Aims: Obesity and the accompanying increased morbidity and mortality risk is highly prevalent
among older adults. As obese elderly might benefit from intentional weight reduction,
it is necessary to determine associated and potentially modifiable factors on senior
obesity. This study focuses on multi-morbid patients which make up the majority in
primary care. Methods: A total of 3,189 non-demented, multi-morbid participants aged 65–85 years were recruited
in primary care within the German MultiCare-study. A healthy lifestyle score (HLS)
was introduced. Body Mass Index (BMI, general obesity) and waist circumference (WC,
abdominal obesity) were used as outcome measures. Results: About one third of all patients were classified as obese according to BMI. The prevalence
of abdominal obesity was 75%. Adjusted for sociodemographic variables and disease
burden, participants with the highest HLS displayed a lower BMI (–0.7kg/m2, p<0.016) and WC (–4.3 cm, p<0.001). Additionally, in multivariate regression, higher
subjective and objective health-related impairment were associated with lower WC and
BMI. For individual lifestyle choices, higher physical activity (β=1.111; p<0.01)
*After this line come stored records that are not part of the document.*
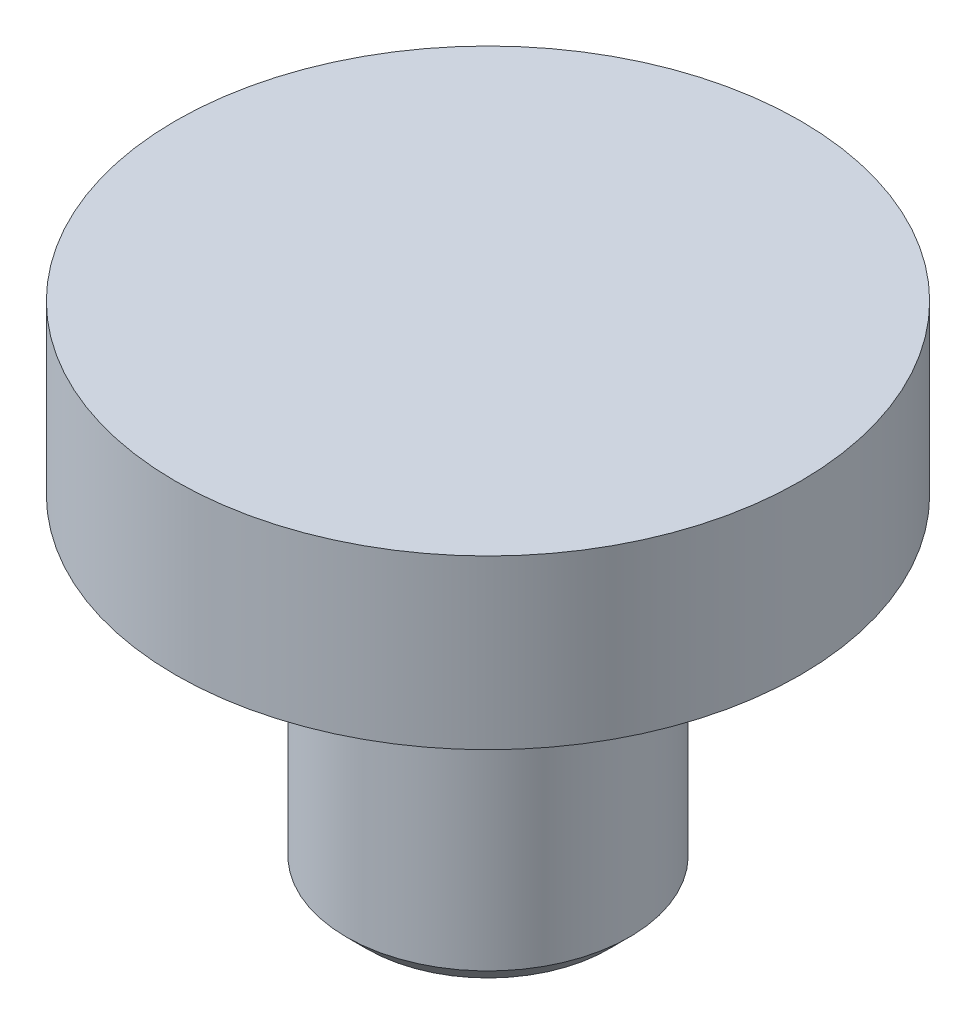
from build123d import *

# Parameters (mm, degrees)
ESQUISSE1_R      = 3.4
EXTRUSION1_DEPTH = 8
ESQUISSE2_R      = 7.5
EXTRUSION2_DEPTH = 4.028586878
CHANFREIN1_SIZE  = 0.5


with BuildPart() as part:
    # Esquisse1 → Extrusion1 (new body)
    with BuildSketch(Plane(origin=(0, 0, 0), x_dir=(1, 0, 0), z_dir=(0, 1, 0))):
        with Locations(Location((0, 0, 0), (0, 0, 270))):
            Circle(ESQUISSE1_R)
    extrude(amount=EXTRUSION1_DEPTH)

    # Esquisse2 → Extrusion2 (add)
    with BuildSketch(Plane(origin=(0, 8, 0), x_dir=(1, 0, 0), z_dir=(0, 1, 0))):
        with Locations(Location((0, 0, 0), (0, 0, 270))):
            Circle(ESQUISSE2_R)
    extrude(amount=EXTRUSION2_DEPTH)

    # Chanfrein1
    chanfrein1_edges = [part.edges().sort_by_distance(p)[0] for p in [
        (0, 0, -3.4),
    ]]
    chamfer(chanfrein1_edges, length=CHANFREIN1_SIZE)


solid = part.part
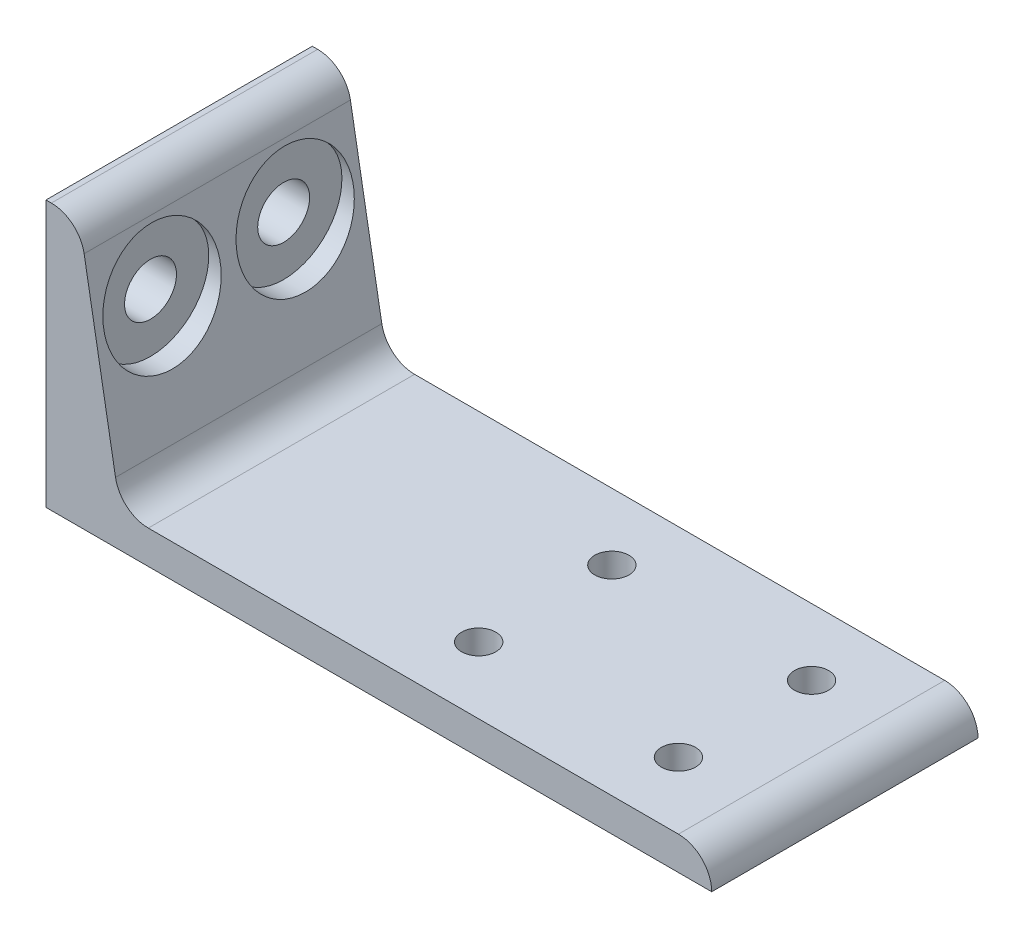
ISO-10303-21;
HEADER;
FILE_DESCRIPTION(('STEP AP214'),'2;1');
FILE_NAME('part.step','',(''),(''),'','','');
FILE_SCHEMA(('AUTOMOTIVE_DESIGN { 1 0 10303 214 1 1 1 1 }'));
ENDSEC;
DATA;
#1=APPLICATION_CONTEXT('core data for automotive mechanical design processes');
#2=APPLICATION_PROTOCOL_DEFINITION('international standard','automotive_design',2000,#1);
#3=PRODUCT_CONTEXT('',#1,'mechanical');
#4=PRODUCT('Part','Part','',(#3));
#5=PRODUCT_RELATED_PRODUCT_CATEGORY('part','',(#4));
#6=PRODUCT_DEFINITION_FORMATION('','',#4);
#7=PRODUCT_DEFINITION_CONTEXT('part definition',#1,'design');
#8=PRODUCT_DEFINITION('design','',#6,#7);
#9=PRODUCT_DEFINITION_SHAPE('','',#8);
#10=(LENGTH_UNIT() NAMED_UNIT(*) SI_UNIT(.MILLI.,.METRE.));
#11=(NAMED_UNIT(*) PLANE_ANGLE_UNIT() SI_UNIT($,.RADIAN.));
#12=(NAMED_UNIT(*) SI_UNIT($,.STERADIAN.) SOLID_ANGLE_UNIT());
#13=UNCERTAINTY_MEASURE_WITH_UNIT(LENGTH_MEASURE(1.E-05),#10,'distance_accuracy_value','');
#14=(GEOMETRIC_REPRESENTATION_CONTEXT(3) GLOBAL_UNCERTAINTY_ASSIGNED_CONTEXT((#13)) GLOBAL_UNIT_ASSIGNED_CONTEXT((#10,
#11,#12)) REPRESENTATION_CONTEXT('',''));
#15=CARTESIAN_POINT('',(0.,0.,0.));
#16=DIRECTION('',(0.,0.,1.));
#17=DIRECTION('',(1.,0.,0.));
#18=AXIS2_PLACEMENT_3D('',#15,#16,#17);
#19=CARTESIAN_POINT('',(13.2624877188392,11.597334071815,25.4));
#20=DIRECTION('',(-0.984807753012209,-0.173648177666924,0.));
#21=DIRECTION('',(0.173648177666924,-0.984807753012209,0.));
#22=AXIS2_PLACEMENT_3D('',#19,#20,#21);
#23=PLANE('',#22);
#24=CARTESIAN_POINT('',(9.43134925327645,33.3248,12.7));
#25=DIRECTION('',(-0.984807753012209,-0.173648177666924,0.));
#26=DIRECTION('',(0.173648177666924,-0.984807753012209,0.));
#27=AXIS2_PLACEMENT_3D('',#24,#25,#26);
#28=ELLIPSE('',#27,11.2839282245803,11.1125);
#29=CARTESIAN_POINT('',(11.3907828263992,22.2123,12.7));
#30=VERTEX_POINT('',#29);
#31=EDGE_CURVE('E166',#30,#30,#28,.F.);
#32=ORIENTED_EDGE('',*,*,#31,.F.);
#33=EDGE_LOOP('',(#32));
#34=FACE_BOUND('',#33,.T.);
#35=DIRECTION('',(-0.173648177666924,0.984807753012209,0.));
#36=VECTOR('',#35,1.);
#37=CARTESIAN_POINT('',(13.2624877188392,11.597334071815,-25.4));
#38=LINE('',#37,#36);
#39=CARTESIAN_POINT('',(13.2624877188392,11.597334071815,-25.4));
#40=VERTEX_POINT('',#39);
#41=CARTESIAN_POINT('',(7.27524657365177,45.552665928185,-25.4));
#42=VERTEX_POINT('',#41);
#43=EDGE_CURVE('E127',#40,#42,#38,.T.);
#44=ORIENTED_EDGE('',*,*,#43,.T.);
#45=DIRECTION('',(0.,0.,-1.));
#46=VECTOR('',#45,1.);
#47=CARTESIAN_POINT('',(7.27524657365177,45.552665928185,25.4));
#48=LINE('',#47,#46);
#49=CARTESIAN_POINT('',(7.27524657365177,45.552665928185,25.4));
#50=VERTEX_POINT('',#49);
#51=EDGE_CURVE('E150',#50,#42,#48,.T.);
#52=ORIENTED_EDGE('',*,*,#51,.F.);
#53=DIRECTION('',(-0.173648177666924,0.984807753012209,0.));
#54=VECTOR('',#53,1.);
#55=CARTESIAN_POINT('',(13.2624877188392,11.597334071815,25.4));
#56=LINE('',#55,#54);
#57=CARTESIAN_POINT('',(13.2624877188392,11.597334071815,25.4));
#58=VERTEX_POINT('',#57);
#59=EDGE_CURVE('E142',#58,#50,#56,.T.);
#60=ORIENTED_EDGE('',*,*,#59,.F.);
#61=DIRECTION('',(0.,0.,-1.));
#62=VECTOR('',#61,1.);
#63=CARTESIAN_POINT('',(13.2624877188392,11.597334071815,25.4));
#64=LINE('',#63,#62);
#65=EDGE_CURVE('E153',#58,#40,#64,.T.);
#66=ORIENTED_EDGE('',*,*,#65,.T.);
#67=EDGE_LOOP('',(#44,#52,#60,#66));
#68=FACE_BOUND('',#67,.T.);
#69=CARTESIAN_POINT('',(9.43134925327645,33.3248,-12.7));
#70=DIRECTION('',(-0.984807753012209,-0.173648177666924,0.));
#71=DIRECTION('',(0.173648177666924,-0.984807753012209,0.));
#72=AXIS2_PLACEMENT_3D('',#69,#70,#71);
#73=ELLIPSE('',#72,11.2839282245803,11.1125);
#74=CARTESIAN_POINT('',(11.3907828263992,22.2123,-12.7));
#75=VERTEX_POINT('',#74);
#76=EDGE_CURVE('E34',#75,#75,#73,.F.);
#77=ORIENTED_EDGE('',*,*,#76,.F.);
#78=EDGE_LOOP('',(#77));
#79=FACE_BOUND('',#78,.T.);
#80=ADVANCED_FACE('F30',(#34,#68,#79),#23,.F.);
#81=CARTESIAN_POINT('',(0.,50.8,25.4));
#82=DIRECTION('',(1.,0.,0.));
#83=DIRECTION('',(0.,1.,0.));
#84=AXIS2_PLACEMENT_3D('',#81,#82,#83);
#85=PLANE('',#84);
#86=CARTESIAN_POINT('',(0.,33.3248,-12.7));
#87=DIRECTION('',(-1.,0.,0.));
#88=DIRECTION('',(0.,-1.,0.));
#89=AXIS2_PLACEMENT_3D('',#86,#87,#88);
#90=CIRCLE('',#89,4.953);
#91=CARTESIAN_POINT('',(0.,28.3718,-12.7));
#92=VERTEX_POINT('',#91);
#93=EDGE_CURVE('E176',#92,#92,#90,.T.);
#94=ORIENTED_EDGE('',*,*,#93,.F.);
#95=EDGE_LOOP('',(#94));
#96=FACE_BOUND('',#95,.T.);
#97=CARTESIAN_POINT('',(0.,33.3248,12.7));
#98=DIRECTION('',(-1.,0.,0.));
#99=DIRECTION('',(0.,-1.,0.));
#100=AXIS2_PLACEMENT_3D('',#97,#98,#99);
#101=CIRCLE('',#100,4.953);
#102=CARTESIAN_POINT('',(0.,28.3718,12.7));
#103=VERTEX_POINT('',#102);
#104=EDGE_CURVE('E169',#103,#103,#101,.T.);
#105=ORIENTED_EDGE('',*,*,#104,.F.);
#106=EDGE_LOOP('',(#105));
#107=FACE_BOUND('',#106,.T.);
#108=DIRECTION('',(0.,-1.,0.));
#109=VECTOR('',#108,1.);
#110=CARTESIAN_POINT('',(0.,50.8,-25.4));
#111=LINE('',#110,#109);
#112=CARTESIAN_POINT('',(0.,50.8,-25.4));
#113=VERTEX_POINT('',#112);
#114=CARTESIAN_POINT('',(0.,0.,-25.4));
#115=VERTEX_POINT('',#114);
#116=EDGE_CURVE('E101',#113,#115,#111,.T.);
#117=ORIENTED_EDGE('',*,*,#116,.T.);
#118=DIRECTION('',(0.,0.,-1.));
#119=VECTOR('',#118,1.);
#120=CARTESIAN_POINT('',(0.,0.,25.4));
#121=LINE('',#120,#119);
#122=CARTESIAN_POINT('',(0.,0.,25.4));
#123=VERTEX_POINT('',#122);
#124=EDGE_CURVE('E11',#123,#115,#121,.T.);
#125=ORIENTED_EDGE('',*,*,#124,.F.);
#126=DIRECTION('',(0.,-1.,0.));
#127=VECTOR('',#126,1.);
#128=CARTESIAN_POINT('',(0.,50.8,25.4));
#129=LINE('',#128,#127);
#130=CARTESIAN_POINT('',(0.,50.8,25.4));
#131=VERTEX_POINT('',#130);
#132=EDGE_CURVE('E133',#131,#123,#129,.T.);
#133=ORIENTED_EDGE('',*,*,#132,.F.);
#134=DIRECTION('',(0.,0.,-1.));
#135=VECTOR('',#134,1.);
#136=CARTESIAN_POINT('',(0.,50.8,25.4));
#137=LINE('',#136,#135);
#138=EDGE_CURVE('E114',#131,#113,#137,.T.);
#139=ORIENTED_EDGE('',*,*,#138,.T.);
#140=EDGE_LOOP('',(#117,#125,#133,#139));
#141=FACE_BOUND('',#140,.T.);
#142=ADVANCED_FACE('F32',(#96,#107,#141),#85,.F.);
#143=CARTESIAN_POINT('',(0.,0.,25.4));
#144=DIRECTION('',(0.,1.,0.));
#145=DIRECTION('',(0.,0.,1.));
#146=AXIS2_PLACEMENT_3D('',#143,#144,#145);
#147=PLANE('',#146);
#148=CARTESIAN_POINT('',(107.95,0.,-12.7));
#149=DIRECTION('',(0.,-1.,0.));
#150=DIRECTION('',(0.,0.,-1.));
#151=AXIS2_PLACEMENT_3D('',#148,#149,#150);
#152=CIRCLE('',#151,3.26389999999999);
#153=CARTESIAN_POINT('',(107.95,0.,-15.9639));
#154=VERTEX_POINT('',#153);
#155=EDGE_CURVE('E184',#154,#154,#152,.T.);
#156=ORIENTED_EDGE('',*,*,#155,.F.);
#157=EDGE_LOOP('',(#156));
#158=FACE_BOUND('',#157,.T.);
#159=CARTESIAN_POINT('',(69.85,0.,-12.7));
#160=DIRECTION('',(0.,-1.,0.));
#161=DIRECTION('',(0.,0.,-1.));
#162=AXIS2_PLACEMENT_3D('',#159,#160,#161);
#163=CIRCLE('',#162,3.26389999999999);
#164=CARTESIAN_POINT('',(69.85,0.,-15.9639));
#165=VERTEX_POINT('',#164);
#166=EDGE_CURVE('E190',#165,#165,#163,.T.);
#167=ORIENTED_EDGE('',*,*,#166,.F.);
#168=EDGE_LOOP('',(#167));
#169=FACE_BOUND('',#168,.T.);
#170=CARTESIAN_POINT('',(69.85,0.,12.7));
#171=DIRECTION('',(0.,-1.,0.));
#172=DIRECTION('',(0.,0.,-1.));
#173=AXIS2_PLACEMENT_3D('',#170,#171,#172);
#174=CIRCLE('',#173,3.26389999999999);
#175=CARTESIAN_POINT('',(69.85,0.,9.43610000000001));
#176=VERTEX_POINT('',#175);
#177=EDGE_CURVE('E200',#176,#176,#174,.T.);
#178=ORIENTED_EDGE('',*,*,#177,.F.);
#179=EDGE_LOOP('',(#178));
#180=FACE_BOUND('',#179,.T.);
#181=CARTESIAN_POINT('',(107.95,0.,12.7));
#182=DIRECTION('',(0.,-1.,0.));
#183=DIRECTION('',(0.,0.,-1.));
#184=AXIS2_PLACEMENT_3D('',#181,#182,#183);
#185=CIRCLE('',#184,3.26389999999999);
#186=CARTESIAN_POINT('',(107.95,0.,9.43610000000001));
#187=VERTEX_POINT('',#186);
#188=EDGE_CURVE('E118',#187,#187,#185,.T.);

and current smoking (β=–1.543; p<0.01) were associated with BMI. Conclusion: Assessment of WC as a measure of obesity in multi-morbid elderly seems inevitable
in order to identify individuals at risk. Yet, age-specific thresholds for the BMI
are needed likewise. The general practitioner plays an essential role in delivering
weight counseling to older patients and is able to assess relevant lifestyle choices.
Encouraging and promoting physical activity in older adults might a starting point
for weight reduction efforts.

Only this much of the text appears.